FedSCAM achieves higher final test accuracy on non-IID datasets.
FedSCAM effectively handles client heterogeneity in federated environments.
Abstract
Federated Learning (FL) enables collaborative model training across decentralized edge devices while preserving data privacy. However, statistical heterogeneity among clients, often manifested as non-IID label distributions, poses significant challenges to convergence and generalization. While Sharpness-Aware Minimization (SAM) has been introduced to FL to seek flatter, more robust minima, existing approaches typically apply a uniform perturbation radius across all clients, ignoring client-specific heterogeneity.

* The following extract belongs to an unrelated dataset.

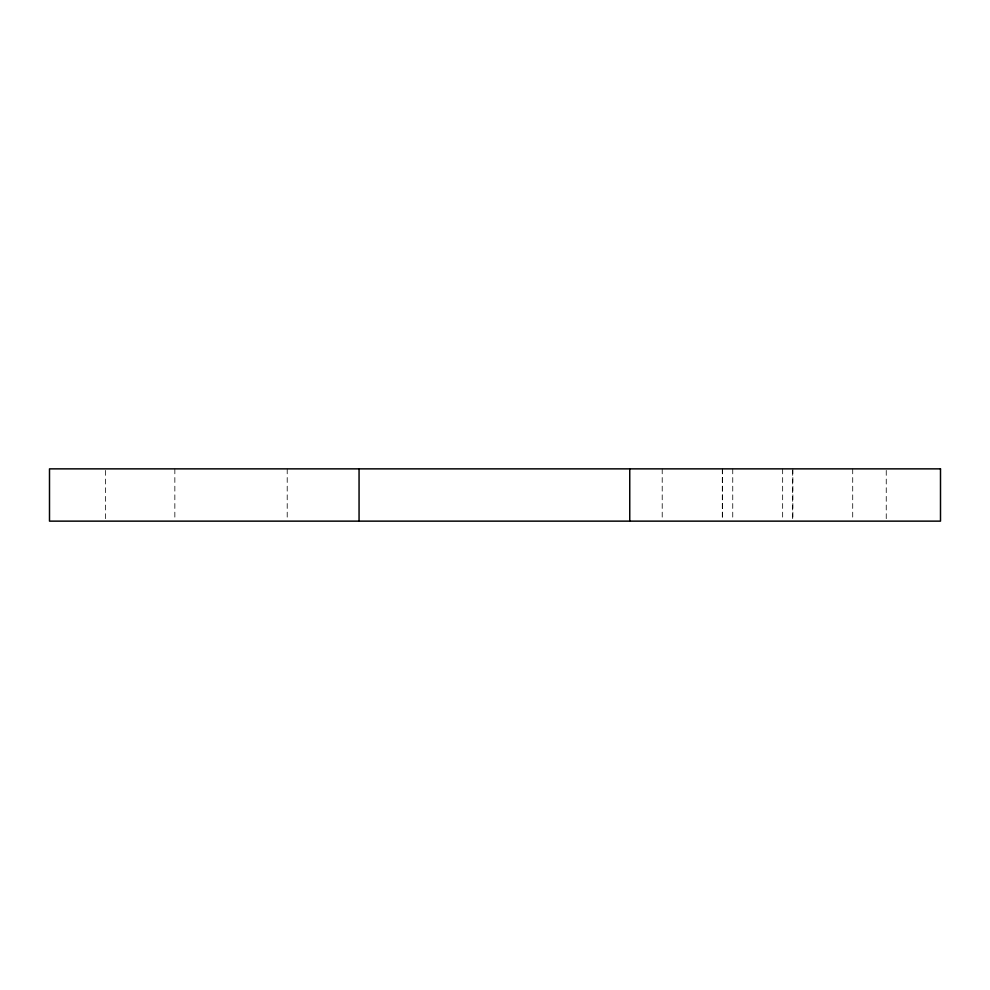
<?xml version="1.0" encoding="UTF-8"?>
<svg xmlns="http://www.w3.org/2000/svg" width="990" height="990" viewBox="0 0 990 990"><rect width="100%" height="100%" fill="white"/><g stroke="black" fill="none" stroke-linecap="round" stroke-linejoin="round"><path stroke-width="0.74" stroke-dasharray="4.95 3.71" d="M886.248 470.411L886.248 519.589M852.712 468.864L852.712 519.589M792.854 468.864L792.854 519.589M792.681 470.411L792.681 519.589M782.657 468.864L782.657 519.589M732.749 468.864L732.749 519.589M722.477 468.864L722.477 519.589M722.304 468.864L722.304 519.589M662.211 468.864L662.211 519.589M287.211 468.864L287.211 519.589M174.846 468.864L174.846 519.589M105.621 470.411L105.621 519.589"/><path stroke-width="1.49" d="M629.751 468.864L629.751 521.136M359.061 468.864L359.061 521.136M940.5 468.864L49.5 468.864L49.5 521.136L940.5 521.136L940.5 468.864"/></g></svg>

In this work, we propose \textbf{FedSCAM} (Federated Sharpness-Aware Minimization with Clustered Aggregation and Modulation), a novel algorithm that dynamically adjusts the SAM perturbation radius and aggregation weights based on client-specific heterogeneity scores. By calculating a heterogeneity metric for each client and modulating the perturbation radius inversely to this…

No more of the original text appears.